Inspired by the headlines about elite colleges bringing back their standardized testing requirements (with Brown joining the list last week) we have been focused on issues related to tests and grade inflation. This week, we look at grade inflation through a slightly different lens, analyzing the extent to which voters connect grade inflation with pandemic-related learning loss. Data from the latest survey for Winning the Issues (February 24-25) suggests that, for many voters, grade inflation and learning loss are linked. 

Overall, when voters were asked where they think students currently are in their learning, given the school closures during the pandemic, 57% say they are at least somewhat behind (30% somewhat behind, 27% significantly behind). Another 27% said students are only slightly behind, with about 1 in 10 (11%) saying they are not behind at all. 

Though there has been some fall-off in the share of voters saying students are significantly behind, the current number is not far off from where it was in April 2023 when we asked the question last (29% significantly behind, 31% somewhat behind, 22% slightly behind, 9% about where they would normally have been). 

Views about the extent to which students are behind are somewhat related to views about grade inflation. Among those who say that students are significantly behind, 72% say that grade inflation is a widespread problem. But even among those who think students are doing just fine, only 16% say grade inflation is not a problem at all (26% widespread problem, 30% an isolated problem).

Only about 1 in 5 voters (19%) say both that grade inflation is a widespread problem and that students are significantly behind because of the pandemic. 

How Widespread Is Grade Inflation?

A topic we have been keeping a close eye on in the last several months is standardized tests in college admissions.

A key reason many of the colleges chose to reinstate the testing requirement is that test scores tend to be better predictors of academic success than grades alone. It is likely that this stronger relationship for test scores than grades is at least partly due to grade inflation. 

But how big of a problem to voters think grade inflation is? Data from the latest survey for Winning the Issues (February 24-25) sheds some light. Overall, 47% of voters say that grade inflation in US high schools is “a widespread problem,” with 22% calling it “an isolated problem” and 6% saying it is not a problem at all. By party, a majority of Republicans (53%), nearly one in two independents (48%) and 40% of Democrats also call it a widespread problem. Among parents, 47% call it a widespread problem.

The shares calling it a widespread problem have grown at least slightly since we last asked the question about a year and a half ago. On the July 2022 survey, 40% of voters overall called it a widespread problem, as did 50% of Republicans and 37% of Democrats.
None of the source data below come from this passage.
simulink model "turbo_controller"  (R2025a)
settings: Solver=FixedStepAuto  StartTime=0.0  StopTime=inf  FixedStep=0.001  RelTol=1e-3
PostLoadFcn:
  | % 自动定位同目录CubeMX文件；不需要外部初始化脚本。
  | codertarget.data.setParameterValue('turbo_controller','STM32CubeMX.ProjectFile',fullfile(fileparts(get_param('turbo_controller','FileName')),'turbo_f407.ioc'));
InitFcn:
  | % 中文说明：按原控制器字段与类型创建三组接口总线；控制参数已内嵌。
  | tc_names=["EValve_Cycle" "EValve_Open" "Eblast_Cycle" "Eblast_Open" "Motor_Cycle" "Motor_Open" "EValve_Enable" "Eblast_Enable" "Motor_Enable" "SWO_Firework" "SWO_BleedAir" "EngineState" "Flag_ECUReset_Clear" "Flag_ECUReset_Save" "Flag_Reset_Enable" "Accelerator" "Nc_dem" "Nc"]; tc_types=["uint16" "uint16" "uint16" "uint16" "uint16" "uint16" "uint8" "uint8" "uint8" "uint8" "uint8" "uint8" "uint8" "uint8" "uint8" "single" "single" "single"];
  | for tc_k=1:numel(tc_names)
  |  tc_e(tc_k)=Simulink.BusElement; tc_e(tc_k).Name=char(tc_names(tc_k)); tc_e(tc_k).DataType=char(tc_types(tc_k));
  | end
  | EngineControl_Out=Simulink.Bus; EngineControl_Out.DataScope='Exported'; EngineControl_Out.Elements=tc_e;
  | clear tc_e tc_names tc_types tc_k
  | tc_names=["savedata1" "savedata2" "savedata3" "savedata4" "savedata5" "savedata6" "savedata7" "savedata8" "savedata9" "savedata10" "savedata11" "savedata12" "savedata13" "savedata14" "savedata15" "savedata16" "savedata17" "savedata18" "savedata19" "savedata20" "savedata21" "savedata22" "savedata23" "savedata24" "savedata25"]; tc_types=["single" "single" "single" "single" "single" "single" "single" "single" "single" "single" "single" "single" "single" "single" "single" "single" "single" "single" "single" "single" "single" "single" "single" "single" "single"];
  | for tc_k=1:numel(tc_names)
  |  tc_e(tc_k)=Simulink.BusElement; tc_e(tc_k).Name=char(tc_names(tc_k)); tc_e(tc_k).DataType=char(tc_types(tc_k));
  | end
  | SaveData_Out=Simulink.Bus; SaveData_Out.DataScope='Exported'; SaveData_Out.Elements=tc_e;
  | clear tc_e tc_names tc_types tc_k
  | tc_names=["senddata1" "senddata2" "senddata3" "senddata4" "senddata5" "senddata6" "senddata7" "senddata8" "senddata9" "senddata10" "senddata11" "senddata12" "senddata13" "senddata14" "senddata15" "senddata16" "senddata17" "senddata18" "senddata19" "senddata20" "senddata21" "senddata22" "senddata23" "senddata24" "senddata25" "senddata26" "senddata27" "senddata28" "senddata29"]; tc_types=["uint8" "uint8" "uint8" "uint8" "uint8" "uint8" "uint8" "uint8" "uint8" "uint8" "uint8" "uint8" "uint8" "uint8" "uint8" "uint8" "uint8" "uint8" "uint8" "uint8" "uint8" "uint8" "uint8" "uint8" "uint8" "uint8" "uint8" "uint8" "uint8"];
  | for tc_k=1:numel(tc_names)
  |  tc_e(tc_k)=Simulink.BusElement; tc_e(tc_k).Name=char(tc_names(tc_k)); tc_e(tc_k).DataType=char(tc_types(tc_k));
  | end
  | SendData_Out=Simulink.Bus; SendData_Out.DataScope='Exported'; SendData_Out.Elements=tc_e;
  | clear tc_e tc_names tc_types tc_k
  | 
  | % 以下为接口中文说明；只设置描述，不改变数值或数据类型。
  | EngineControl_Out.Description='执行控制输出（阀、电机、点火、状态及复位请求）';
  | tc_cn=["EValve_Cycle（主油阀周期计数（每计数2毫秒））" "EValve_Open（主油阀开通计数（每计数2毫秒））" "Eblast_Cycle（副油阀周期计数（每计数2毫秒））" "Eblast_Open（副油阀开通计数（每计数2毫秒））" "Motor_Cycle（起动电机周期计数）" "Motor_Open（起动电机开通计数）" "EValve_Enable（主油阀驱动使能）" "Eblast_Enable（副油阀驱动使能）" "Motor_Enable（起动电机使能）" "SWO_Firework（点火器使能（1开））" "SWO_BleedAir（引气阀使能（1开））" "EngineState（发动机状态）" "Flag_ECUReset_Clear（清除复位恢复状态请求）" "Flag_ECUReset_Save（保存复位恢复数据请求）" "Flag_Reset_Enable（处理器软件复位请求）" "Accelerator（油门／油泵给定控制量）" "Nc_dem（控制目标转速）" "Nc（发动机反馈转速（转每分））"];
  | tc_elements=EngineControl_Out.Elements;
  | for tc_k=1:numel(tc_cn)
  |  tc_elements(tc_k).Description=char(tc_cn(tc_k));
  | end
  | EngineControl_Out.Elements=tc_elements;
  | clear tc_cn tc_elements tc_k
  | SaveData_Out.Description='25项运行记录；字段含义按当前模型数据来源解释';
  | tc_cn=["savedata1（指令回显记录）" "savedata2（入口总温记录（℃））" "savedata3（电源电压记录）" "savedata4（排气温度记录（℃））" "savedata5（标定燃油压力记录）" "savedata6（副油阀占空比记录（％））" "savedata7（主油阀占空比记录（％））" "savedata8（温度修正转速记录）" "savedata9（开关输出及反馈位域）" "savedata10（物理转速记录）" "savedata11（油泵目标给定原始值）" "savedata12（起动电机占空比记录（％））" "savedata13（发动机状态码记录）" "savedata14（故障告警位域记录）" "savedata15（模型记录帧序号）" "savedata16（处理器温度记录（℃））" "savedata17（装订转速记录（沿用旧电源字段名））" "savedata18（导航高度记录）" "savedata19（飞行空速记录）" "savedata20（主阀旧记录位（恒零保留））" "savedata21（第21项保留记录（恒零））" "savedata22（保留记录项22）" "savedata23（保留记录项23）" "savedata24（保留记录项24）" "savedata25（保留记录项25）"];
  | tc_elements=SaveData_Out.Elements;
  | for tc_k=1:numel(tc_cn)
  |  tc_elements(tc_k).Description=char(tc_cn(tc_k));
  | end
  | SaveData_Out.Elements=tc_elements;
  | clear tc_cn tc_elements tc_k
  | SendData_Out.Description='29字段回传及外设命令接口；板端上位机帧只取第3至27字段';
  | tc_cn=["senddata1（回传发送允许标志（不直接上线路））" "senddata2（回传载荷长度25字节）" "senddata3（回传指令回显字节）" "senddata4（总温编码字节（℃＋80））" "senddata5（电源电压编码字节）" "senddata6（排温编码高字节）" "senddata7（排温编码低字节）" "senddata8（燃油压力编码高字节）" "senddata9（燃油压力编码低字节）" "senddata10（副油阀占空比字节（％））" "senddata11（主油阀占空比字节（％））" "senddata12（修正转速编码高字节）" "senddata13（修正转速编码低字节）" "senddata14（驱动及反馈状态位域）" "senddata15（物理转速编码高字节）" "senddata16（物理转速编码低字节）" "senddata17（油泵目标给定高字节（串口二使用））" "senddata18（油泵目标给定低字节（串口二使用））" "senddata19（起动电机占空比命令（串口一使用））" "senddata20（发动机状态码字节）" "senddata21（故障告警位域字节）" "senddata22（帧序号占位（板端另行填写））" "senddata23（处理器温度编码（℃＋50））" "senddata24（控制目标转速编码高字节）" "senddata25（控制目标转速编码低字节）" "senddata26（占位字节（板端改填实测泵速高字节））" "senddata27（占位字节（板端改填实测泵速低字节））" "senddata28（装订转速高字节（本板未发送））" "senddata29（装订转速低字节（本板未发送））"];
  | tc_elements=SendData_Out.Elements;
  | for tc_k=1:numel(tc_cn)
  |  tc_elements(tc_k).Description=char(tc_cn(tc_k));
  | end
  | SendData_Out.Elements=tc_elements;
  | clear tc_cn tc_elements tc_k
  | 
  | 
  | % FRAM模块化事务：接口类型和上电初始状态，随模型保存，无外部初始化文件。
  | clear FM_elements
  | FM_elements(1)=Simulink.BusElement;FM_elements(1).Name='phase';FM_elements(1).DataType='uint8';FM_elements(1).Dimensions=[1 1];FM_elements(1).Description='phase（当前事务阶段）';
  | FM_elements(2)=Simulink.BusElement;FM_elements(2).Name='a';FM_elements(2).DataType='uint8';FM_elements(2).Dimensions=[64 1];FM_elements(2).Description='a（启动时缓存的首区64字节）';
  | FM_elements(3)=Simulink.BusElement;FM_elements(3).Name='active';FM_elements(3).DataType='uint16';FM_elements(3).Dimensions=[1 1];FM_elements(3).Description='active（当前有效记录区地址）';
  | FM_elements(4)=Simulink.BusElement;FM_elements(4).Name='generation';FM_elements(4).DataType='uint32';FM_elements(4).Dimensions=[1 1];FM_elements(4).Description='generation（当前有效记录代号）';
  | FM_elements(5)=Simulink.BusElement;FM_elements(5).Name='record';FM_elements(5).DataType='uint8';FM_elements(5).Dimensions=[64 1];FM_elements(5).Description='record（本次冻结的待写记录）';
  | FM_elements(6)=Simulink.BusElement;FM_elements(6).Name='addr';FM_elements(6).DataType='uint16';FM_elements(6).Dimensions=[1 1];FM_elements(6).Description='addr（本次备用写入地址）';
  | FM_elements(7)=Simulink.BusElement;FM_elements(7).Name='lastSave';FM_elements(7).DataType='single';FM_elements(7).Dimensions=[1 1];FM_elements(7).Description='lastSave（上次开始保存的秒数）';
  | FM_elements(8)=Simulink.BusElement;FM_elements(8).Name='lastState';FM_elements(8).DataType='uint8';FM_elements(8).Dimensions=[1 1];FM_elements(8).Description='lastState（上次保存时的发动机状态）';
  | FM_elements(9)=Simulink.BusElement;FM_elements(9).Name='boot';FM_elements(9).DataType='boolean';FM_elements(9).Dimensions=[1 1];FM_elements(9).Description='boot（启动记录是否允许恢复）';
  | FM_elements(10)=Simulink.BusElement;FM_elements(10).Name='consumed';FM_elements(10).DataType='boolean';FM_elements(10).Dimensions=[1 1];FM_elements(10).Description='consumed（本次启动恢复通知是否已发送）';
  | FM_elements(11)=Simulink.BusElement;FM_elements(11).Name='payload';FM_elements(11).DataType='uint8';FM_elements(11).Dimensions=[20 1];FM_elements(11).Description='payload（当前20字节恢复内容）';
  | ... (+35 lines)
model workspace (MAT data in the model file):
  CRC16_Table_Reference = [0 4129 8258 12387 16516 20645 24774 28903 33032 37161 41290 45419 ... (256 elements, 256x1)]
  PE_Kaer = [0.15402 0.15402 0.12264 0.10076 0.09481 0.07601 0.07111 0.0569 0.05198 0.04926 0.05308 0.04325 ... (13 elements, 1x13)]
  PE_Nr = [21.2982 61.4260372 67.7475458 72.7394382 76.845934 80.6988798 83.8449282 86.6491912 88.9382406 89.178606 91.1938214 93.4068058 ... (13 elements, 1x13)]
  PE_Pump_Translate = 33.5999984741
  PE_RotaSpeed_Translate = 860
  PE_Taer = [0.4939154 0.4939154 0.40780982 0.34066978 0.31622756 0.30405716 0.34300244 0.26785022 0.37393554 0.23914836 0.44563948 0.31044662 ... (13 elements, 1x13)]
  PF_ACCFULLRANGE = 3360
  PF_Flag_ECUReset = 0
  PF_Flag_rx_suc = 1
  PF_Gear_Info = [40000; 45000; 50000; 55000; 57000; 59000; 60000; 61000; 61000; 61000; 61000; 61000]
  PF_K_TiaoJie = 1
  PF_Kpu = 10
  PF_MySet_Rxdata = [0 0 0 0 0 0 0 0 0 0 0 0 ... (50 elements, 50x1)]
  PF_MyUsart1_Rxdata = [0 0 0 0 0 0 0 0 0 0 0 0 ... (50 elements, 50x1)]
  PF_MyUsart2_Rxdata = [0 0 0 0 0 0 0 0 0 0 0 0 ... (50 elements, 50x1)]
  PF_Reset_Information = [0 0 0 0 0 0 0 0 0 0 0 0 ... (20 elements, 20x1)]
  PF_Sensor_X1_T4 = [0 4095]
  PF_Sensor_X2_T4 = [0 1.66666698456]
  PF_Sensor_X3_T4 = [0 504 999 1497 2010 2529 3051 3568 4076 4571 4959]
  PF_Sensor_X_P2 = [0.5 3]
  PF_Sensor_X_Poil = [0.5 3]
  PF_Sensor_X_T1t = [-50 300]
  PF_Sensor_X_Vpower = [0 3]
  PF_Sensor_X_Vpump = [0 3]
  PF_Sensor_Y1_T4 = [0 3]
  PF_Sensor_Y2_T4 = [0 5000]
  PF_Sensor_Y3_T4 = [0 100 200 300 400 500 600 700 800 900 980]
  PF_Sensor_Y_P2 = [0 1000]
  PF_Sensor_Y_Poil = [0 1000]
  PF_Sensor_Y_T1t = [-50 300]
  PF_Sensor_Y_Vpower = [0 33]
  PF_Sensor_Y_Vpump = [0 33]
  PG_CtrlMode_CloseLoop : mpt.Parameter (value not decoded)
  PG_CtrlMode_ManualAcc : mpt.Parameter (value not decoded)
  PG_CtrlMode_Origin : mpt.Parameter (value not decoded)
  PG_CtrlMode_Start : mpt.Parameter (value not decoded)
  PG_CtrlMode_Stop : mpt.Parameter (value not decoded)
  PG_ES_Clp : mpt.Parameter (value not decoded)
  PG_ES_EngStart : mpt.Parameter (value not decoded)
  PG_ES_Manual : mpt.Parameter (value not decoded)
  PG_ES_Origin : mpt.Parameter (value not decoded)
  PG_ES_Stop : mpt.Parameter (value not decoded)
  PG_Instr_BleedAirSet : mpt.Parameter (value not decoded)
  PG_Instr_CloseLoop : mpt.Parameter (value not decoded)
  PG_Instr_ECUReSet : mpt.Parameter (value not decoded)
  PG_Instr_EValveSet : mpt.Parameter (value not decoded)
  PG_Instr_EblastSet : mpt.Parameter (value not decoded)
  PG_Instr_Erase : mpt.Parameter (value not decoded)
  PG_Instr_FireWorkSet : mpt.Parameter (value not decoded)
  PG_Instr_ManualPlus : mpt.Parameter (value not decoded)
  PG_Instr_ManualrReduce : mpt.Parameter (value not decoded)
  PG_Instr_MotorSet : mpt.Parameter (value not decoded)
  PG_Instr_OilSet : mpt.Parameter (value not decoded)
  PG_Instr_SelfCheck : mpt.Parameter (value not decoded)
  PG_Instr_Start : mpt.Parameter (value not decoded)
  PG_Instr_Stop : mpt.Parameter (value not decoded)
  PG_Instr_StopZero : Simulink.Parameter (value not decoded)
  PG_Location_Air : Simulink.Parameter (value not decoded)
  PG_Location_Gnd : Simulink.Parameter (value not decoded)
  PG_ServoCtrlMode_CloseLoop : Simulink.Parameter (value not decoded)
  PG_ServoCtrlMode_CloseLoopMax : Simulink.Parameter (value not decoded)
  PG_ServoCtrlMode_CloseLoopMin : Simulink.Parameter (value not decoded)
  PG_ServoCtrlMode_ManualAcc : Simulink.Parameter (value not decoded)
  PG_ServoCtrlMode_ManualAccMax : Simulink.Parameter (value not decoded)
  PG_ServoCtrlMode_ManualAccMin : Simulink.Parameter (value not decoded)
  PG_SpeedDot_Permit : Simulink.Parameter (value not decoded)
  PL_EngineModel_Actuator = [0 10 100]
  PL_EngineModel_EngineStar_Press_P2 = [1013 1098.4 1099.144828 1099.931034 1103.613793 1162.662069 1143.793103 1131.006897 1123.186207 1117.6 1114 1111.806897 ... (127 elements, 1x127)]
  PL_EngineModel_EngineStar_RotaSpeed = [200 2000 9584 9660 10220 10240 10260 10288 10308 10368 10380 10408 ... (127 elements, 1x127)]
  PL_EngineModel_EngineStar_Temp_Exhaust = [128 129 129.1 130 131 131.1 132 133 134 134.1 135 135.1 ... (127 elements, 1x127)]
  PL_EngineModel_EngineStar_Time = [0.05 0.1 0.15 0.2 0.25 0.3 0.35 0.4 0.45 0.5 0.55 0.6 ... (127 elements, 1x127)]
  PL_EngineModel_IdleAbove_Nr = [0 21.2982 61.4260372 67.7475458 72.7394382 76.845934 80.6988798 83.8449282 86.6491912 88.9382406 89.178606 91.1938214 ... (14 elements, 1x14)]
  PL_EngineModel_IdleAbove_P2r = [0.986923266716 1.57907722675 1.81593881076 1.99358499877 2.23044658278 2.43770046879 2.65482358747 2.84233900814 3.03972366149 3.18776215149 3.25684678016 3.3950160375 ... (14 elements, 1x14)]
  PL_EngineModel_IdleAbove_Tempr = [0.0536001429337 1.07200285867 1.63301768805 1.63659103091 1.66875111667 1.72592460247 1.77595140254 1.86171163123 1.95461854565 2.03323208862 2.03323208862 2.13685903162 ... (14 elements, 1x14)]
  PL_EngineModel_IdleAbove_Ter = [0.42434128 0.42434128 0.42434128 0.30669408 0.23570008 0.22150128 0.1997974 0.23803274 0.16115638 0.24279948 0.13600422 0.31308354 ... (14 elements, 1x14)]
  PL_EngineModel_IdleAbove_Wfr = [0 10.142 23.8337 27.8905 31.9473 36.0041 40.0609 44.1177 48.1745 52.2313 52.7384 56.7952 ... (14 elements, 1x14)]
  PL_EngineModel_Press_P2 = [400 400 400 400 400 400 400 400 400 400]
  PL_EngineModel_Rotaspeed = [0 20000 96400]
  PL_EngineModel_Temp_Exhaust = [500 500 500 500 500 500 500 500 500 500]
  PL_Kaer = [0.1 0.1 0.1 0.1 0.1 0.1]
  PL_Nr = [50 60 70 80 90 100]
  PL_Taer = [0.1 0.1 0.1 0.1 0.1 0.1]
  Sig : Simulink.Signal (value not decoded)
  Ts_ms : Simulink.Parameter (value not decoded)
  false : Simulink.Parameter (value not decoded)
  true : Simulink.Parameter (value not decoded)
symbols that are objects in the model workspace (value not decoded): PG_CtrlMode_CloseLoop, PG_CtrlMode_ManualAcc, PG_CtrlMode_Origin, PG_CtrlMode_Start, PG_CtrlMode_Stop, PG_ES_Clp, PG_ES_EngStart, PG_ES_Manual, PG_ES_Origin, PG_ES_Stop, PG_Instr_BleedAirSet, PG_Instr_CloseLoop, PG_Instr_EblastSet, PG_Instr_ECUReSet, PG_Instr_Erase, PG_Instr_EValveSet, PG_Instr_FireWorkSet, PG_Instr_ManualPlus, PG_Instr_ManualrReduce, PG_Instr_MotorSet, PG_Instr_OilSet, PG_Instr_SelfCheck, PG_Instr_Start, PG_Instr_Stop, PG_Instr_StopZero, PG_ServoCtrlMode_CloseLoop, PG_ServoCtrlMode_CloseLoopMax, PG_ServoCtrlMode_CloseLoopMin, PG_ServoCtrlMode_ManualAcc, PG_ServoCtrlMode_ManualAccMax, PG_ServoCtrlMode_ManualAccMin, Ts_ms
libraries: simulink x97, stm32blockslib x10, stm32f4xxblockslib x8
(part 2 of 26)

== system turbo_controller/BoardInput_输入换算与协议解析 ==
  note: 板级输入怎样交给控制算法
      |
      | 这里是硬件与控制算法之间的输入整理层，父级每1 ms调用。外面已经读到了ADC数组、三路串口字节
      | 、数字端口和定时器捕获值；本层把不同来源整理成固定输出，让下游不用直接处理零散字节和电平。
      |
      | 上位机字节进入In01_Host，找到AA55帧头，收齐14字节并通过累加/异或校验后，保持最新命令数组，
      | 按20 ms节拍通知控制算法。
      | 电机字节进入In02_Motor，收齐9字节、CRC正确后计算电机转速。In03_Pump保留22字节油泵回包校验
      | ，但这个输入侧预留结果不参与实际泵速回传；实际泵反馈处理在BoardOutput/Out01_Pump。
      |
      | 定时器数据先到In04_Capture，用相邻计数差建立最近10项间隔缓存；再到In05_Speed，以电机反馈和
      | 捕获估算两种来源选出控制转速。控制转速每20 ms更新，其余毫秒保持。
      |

Parents saw a larger growth in the share calling it a widespread problem, going from 39% to 47%. But the group with the largest growth was independents. In 2022, 33% called it a widespread problem, a 15-point difference from where they are presently (48%).

Clearly, voters are becoming more aware of an issue that has become an area of focus for education researchers. Our January 29 Emerging Issues newsletter looked at two recent studies showing a weakening relationship between grades and test scores since the pandemic. But grade inflation was an issue even before Covid. As the University of California faculty senate report, dated January 2020 found, “Grade inflation is part of why the predictive power of HSGPA [high school grade point average] has decreased since the last UC study.”